I am not a big fan of the "X2 Diver" exercise in this routine. Personally, I think it seems a bit out of place in this routine. To have you catch yourself in a push-up position on the very first day of the program seems a bit extreme. I discuss this in my video below, and show a way to modify.


This, along with a lot of the other P90X2 workouts, will actually become more and more difficult the more you do them and the better you get at the exercises. A lot of these exercises have a decent learning curve to them so for example, the first few times you do it, you may only be able to get a couple reps of a specific exercise before you have to modify to finish.

As your skill level increases and you become better at a given exercise, you will then be able to do more repetitions, therefore increasing the intensity of the workout.

This is definitely a different routine than what one may be used to on day 1 of Beachbody's other programs like P90X or even Insanity. This is not a muscle scorching or even a hardcore cardio-esque routine. Instead, it is designed to systematically build up your skill and core strength so that you can maximize your results during Phase 2.

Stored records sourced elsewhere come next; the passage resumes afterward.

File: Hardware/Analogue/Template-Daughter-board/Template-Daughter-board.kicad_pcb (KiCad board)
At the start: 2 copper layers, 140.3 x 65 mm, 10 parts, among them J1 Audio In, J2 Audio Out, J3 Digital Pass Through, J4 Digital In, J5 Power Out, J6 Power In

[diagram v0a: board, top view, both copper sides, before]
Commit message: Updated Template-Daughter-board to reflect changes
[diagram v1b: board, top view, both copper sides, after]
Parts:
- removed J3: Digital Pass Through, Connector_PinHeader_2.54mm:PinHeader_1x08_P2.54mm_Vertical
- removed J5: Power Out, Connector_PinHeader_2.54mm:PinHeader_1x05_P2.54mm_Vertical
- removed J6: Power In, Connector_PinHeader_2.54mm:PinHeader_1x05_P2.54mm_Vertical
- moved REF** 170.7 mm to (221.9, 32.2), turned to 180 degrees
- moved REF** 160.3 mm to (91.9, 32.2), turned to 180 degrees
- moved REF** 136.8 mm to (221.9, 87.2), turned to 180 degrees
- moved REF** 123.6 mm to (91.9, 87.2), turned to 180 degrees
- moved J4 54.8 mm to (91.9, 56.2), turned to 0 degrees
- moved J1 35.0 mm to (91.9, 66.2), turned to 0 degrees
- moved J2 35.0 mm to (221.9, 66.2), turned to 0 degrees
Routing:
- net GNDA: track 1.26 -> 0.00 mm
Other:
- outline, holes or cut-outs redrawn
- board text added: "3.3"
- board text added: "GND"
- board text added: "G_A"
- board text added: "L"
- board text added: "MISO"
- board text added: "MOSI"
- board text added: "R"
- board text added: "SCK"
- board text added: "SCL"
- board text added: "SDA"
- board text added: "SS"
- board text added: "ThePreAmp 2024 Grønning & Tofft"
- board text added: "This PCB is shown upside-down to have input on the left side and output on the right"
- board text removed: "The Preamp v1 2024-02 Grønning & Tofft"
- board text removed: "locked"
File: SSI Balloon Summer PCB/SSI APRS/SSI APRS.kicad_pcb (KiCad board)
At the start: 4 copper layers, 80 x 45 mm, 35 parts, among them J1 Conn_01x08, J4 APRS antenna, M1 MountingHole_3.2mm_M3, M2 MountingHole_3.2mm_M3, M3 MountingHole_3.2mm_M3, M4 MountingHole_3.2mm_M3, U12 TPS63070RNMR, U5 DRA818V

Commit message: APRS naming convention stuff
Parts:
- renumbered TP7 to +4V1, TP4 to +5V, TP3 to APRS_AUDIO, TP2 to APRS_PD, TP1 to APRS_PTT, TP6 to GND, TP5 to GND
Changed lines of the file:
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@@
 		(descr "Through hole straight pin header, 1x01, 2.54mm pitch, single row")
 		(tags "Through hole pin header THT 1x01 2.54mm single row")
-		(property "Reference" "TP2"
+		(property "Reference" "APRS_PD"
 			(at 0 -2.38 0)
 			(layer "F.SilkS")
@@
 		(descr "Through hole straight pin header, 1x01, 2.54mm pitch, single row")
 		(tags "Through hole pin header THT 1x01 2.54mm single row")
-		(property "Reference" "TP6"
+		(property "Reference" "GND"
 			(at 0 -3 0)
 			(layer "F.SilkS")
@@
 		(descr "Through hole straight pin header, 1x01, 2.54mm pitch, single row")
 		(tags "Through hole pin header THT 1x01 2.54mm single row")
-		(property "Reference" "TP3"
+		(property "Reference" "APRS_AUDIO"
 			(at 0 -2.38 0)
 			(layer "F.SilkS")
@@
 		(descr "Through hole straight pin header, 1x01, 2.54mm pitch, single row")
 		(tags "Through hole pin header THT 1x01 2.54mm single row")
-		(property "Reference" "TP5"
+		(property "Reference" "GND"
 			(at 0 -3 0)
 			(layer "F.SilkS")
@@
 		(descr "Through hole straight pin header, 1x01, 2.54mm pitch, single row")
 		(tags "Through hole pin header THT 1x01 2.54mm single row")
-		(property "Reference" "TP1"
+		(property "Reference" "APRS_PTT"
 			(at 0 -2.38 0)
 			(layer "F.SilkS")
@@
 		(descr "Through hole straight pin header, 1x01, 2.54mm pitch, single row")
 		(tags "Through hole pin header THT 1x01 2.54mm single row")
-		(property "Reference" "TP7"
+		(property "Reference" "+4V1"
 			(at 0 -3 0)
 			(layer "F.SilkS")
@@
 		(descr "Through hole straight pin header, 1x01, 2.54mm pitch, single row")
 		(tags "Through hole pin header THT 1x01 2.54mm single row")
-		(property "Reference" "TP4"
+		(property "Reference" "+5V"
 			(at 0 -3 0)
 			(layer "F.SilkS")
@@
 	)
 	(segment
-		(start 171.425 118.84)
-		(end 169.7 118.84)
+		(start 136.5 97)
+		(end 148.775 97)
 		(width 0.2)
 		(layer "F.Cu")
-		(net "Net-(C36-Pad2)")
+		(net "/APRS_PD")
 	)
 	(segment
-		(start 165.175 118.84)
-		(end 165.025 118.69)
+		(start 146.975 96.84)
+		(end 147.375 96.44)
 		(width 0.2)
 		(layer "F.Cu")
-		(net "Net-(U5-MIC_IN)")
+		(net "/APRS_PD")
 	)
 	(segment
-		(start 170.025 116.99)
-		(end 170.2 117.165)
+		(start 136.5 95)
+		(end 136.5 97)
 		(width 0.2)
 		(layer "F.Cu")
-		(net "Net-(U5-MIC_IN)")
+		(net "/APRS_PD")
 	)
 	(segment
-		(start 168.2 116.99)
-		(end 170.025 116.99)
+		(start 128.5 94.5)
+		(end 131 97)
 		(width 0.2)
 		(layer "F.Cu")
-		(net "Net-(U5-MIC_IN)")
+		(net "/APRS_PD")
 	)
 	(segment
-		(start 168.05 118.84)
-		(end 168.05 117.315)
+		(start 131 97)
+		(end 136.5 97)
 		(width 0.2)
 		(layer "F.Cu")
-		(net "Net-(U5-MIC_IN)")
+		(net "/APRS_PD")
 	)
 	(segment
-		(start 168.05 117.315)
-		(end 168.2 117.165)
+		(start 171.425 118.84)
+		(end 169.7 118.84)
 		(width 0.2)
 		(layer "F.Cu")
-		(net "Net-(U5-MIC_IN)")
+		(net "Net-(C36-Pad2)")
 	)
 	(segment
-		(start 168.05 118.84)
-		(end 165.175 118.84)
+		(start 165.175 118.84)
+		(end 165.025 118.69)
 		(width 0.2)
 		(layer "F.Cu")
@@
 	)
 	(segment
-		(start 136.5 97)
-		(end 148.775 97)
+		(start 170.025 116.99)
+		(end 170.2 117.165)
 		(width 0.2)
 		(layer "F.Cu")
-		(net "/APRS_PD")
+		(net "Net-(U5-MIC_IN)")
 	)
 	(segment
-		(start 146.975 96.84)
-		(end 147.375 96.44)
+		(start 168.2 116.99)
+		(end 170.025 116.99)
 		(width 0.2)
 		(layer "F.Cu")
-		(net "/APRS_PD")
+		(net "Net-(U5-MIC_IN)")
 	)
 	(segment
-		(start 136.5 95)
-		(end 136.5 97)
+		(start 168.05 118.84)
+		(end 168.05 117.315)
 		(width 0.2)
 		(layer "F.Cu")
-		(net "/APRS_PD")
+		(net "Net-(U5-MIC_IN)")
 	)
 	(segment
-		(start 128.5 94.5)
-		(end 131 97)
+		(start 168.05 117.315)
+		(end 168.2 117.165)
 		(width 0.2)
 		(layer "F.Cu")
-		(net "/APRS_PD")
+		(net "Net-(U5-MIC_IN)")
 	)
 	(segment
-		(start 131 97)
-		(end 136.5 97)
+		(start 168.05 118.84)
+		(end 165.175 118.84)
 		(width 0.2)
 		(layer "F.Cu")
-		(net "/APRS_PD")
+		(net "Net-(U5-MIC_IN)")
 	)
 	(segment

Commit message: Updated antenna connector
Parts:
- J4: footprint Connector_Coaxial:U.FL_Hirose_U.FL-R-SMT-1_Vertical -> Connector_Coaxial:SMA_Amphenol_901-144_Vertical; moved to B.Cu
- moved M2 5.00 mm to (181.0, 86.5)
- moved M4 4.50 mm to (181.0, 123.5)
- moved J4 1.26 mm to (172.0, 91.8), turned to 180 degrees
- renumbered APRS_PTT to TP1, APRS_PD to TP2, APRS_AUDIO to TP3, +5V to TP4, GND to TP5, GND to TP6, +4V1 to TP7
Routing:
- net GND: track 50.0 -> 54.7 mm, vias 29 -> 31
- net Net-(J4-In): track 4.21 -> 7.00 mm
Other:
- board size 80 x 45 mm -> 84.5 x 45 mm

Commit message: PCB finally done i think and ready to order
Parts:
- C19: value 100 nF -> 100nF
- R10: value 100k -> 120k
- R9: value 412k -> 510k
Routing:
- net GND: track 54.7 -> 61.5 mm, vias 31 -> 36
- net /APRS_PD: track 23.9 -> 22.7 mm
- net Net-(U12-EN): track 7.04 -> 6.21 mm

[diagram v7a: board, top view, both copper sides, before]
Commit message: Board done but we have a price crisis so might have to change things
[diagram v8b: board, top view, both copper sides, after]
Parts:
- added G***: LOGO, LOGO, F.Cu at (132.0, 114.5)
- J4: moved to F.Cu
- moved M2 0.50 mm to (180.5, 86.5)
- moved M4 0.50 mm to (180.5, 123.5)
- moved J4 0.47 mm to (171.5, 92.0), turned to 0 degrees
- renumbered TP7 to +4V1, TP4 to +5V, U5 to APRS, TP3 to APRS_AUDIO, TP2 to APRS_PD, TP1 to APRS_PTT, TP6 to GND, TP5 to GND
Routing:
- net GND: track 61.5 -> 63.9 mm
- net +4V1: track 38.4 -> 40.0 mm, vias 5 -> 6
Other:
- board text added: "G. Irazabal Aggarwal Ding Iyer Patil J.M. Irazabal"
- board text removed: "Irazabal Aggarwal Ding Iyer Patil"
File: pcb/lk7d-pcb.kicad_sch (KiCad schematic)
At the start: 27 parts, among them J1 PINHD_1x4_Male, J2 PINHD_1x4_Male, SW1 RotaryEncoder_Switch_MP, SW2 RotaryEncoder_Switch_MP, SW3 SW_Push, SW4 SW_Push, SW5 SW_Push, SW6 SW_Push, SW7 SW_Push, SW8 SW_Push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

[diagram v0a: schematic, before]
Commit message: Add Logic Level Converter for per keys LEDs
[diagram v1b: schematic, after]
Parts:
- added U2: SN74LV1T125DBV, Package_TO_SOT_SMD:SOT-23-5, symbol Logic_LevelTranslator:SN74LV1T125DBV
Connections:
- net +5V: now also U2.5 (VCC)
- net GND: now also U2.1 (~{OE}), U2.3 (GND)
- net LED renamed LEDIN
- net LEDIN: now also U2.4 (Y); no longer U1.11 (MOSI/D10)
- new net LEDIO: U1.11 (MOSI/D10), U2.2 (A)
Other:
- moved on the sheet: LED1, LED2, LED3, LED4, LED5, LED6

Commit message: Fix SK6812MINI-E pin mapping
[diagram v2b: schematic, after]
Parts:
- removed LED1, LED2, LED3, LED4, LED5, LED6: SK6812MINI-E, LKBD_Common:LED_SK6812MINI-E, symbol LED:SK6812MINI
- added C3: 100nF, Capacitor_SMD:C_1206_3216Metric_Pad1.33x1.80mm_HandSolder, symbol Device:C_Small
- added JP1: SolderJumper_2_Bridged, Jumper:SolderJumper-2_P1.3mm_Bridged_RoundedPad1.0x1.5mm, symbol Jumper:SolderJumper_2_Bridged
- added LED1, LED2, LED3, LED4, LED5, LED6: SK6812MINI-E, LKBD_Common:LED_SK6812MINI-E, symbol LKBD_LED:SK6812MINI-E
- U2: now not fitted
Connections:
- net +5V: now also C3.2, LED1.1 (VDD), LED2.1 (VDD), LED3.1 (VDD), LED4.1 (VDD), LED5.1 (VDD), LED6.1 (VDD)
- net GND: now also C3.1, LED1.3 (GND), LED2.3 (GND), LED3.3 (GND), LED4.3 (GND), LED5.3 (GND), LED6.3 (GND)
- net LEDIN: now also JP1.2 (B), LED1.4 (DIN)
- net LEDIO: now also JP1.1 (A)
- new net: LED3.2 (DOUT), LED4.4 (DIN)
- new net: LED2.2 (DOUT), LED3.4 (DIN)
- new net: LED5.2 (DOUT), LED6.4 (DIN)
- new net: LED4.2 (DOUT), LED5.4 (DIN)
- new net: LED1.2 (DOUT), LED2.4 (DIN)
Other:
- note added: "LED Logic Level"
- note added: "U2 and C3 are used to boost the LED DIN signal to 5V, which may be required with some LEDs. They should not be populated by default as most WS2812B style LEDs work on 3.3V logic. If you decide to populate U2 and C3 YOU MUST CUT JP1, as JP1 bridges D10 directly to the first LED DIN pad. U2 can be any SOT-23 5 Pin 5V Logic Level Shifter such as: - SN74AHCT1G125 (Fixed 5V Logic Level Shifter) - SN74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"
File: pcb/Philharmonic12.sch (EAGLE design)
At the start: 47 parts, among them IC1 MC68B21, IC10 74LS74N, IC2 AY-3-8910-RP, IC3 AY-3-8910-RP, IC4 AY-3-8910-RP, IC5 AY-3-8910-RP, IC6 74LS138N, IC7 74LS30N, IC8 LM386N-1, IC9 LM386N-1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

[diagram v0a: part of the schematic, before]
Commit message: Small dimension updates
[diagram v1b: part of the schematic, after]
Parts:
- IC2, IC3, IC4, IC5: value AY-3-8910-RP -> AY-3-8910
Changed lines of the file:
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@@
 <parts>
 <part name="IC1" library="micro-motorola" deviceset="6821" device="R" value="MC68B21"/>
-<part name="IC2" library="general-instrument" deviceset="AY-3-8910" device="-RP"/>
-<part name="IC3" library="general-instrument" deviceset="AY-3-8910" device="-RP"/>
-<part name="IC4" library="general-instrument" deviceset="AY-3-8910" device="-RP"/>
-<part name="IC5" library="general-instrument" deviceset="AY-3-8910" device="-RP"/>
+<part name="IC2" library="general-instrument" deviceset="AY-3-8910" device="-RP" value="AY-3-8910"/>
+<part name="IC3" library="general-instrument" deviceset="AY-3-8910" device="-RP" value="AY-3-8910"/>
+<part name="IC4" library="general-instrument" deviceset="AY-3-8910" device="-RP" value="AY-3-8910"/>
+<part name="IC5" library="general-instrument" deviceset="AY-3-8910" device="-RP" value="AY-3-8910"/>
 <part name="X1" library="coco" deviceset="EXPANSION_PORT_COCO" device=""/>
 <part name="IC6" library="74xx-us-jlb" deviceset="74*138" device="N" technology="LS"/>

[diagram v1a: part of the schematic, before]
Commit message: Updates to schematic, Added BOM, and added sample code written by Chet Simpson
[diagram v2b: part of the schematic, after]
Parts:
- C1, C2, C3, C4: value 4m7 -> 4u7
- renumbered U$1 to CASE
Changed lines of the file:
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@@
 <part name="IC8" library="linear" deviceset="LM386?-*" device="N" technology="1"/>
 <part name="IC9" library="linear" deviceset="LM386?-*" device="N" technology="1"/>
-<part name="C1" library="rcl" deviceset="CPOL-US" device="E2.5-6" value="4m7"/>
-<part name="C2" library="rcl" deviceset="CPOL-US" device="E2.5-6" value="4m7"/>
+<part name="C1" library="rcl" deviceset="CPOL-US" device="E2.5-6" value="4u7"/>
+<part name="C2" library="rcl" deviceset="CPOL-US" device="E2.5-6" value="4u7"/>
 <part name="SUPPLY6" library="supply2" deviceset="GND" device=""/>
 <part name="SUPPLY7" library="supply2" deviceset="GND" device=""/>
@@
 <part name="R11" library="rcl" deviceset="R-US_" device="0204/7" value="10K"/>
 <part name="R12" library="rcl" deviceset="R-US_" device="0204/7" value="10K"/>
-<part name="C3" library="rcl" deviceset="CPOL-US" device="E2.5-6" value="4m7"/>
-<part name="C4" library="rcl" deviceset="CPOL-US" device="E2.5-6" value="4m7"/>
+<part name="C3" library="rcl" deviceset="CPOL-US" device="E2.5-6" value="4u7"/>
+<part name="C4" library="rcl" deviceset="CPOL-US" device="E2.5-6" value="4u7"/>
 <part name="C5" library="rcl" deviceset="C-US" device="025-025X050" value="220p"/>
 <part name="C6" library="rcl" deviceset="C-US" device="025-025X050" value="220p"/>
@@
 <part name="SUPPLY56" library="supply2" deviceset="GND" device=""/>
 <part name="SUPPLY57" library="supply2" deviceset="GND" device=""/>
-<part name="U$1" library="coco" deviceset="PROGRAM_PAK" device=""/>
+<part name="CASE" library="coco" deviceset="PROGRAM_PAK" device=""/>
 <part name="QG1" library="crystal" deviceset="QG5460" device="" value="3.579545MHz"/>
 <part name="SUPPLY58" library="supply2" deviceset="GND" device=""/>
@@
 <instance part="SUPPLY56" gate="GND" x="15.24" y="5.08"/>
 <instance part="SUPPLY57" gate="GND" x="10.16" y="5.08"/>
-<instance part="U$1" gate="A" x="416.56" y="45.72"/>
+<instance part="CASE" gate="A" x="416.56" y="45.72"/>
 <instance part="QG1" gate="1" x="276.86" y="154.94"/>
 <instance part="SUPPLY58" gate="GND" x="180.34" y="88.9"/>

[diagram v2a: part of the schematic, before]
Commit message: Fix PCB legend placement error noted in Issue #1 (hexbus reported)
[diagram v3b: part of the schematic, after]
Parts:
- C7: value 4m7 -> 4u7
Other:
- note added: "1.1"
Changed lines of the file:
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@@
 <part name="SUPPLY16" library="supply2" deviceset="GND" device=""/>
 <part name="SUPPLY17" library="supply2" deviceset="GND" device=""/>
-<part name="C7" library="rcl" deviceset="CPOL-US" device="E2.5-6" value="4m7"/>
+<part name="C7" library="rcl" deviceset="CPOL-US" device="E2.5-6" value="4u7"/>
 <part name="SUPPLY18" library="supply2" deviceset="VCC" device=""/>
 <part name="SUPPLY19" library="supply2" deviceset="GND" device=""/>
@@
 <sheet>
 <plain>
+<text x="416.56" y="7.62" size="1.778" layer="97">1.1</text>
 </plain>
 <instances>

Having said that, this routine is difficult enough in its own ways, especially to folks who are new to this kind of training.

Difficulty: 4/5

Workout Design

All P90X2 workouts have lengthy, dynamic warmups designed to prep the body for the athletic training. I am glad to see Beachbody do away with the rather outdated static stretching found in P90X, for example. Instead, by warming the body up dynamically, you are better prepared to move in a variety of planes athletically and therefore maximize your training.

The workout itself is split up into 17 straight exercises with very little break in between each one.

This routine is not intended to have you laying on the ground doing crunches all day (that idea is also out-dated), nor will it crank your heart rate through the roof, but there are a list of exercises here to get your body used to the idea of engaging the core.

For majority of the people doing this routine, there will be a lot of new and interesting exercises here to keep you interested!

Workout Design: 5/5


  1. Have a towel nearby to ensure that your hands are dry. You will be doing push-ups on stability balls and medicine balls, it is dangerous to do so with wet hands.

  2. Make every single repetition count! This is not a routine designed to go for max reps necessarily, instead, you want to focus on engaging your core and listening to the cues in the workout as well as any tips I can give you in the video below to maximize every single exercise.

  3. Form is king.

  4. If you reach a point where you can do full reps with great form, then don't be afraid of adding extra reps in to increase intensity. Do not rush things, however.


As I said, this is not the most difficult or crushing routine by any stretch of the imagination. However, this routine has its purpose in the P90X2 schedule, and that is so that you can practice properly engaging your core, not to mention working on some of these balance and coordination elements and movement patterns so that you can maximize your results from Phase 2 and 3.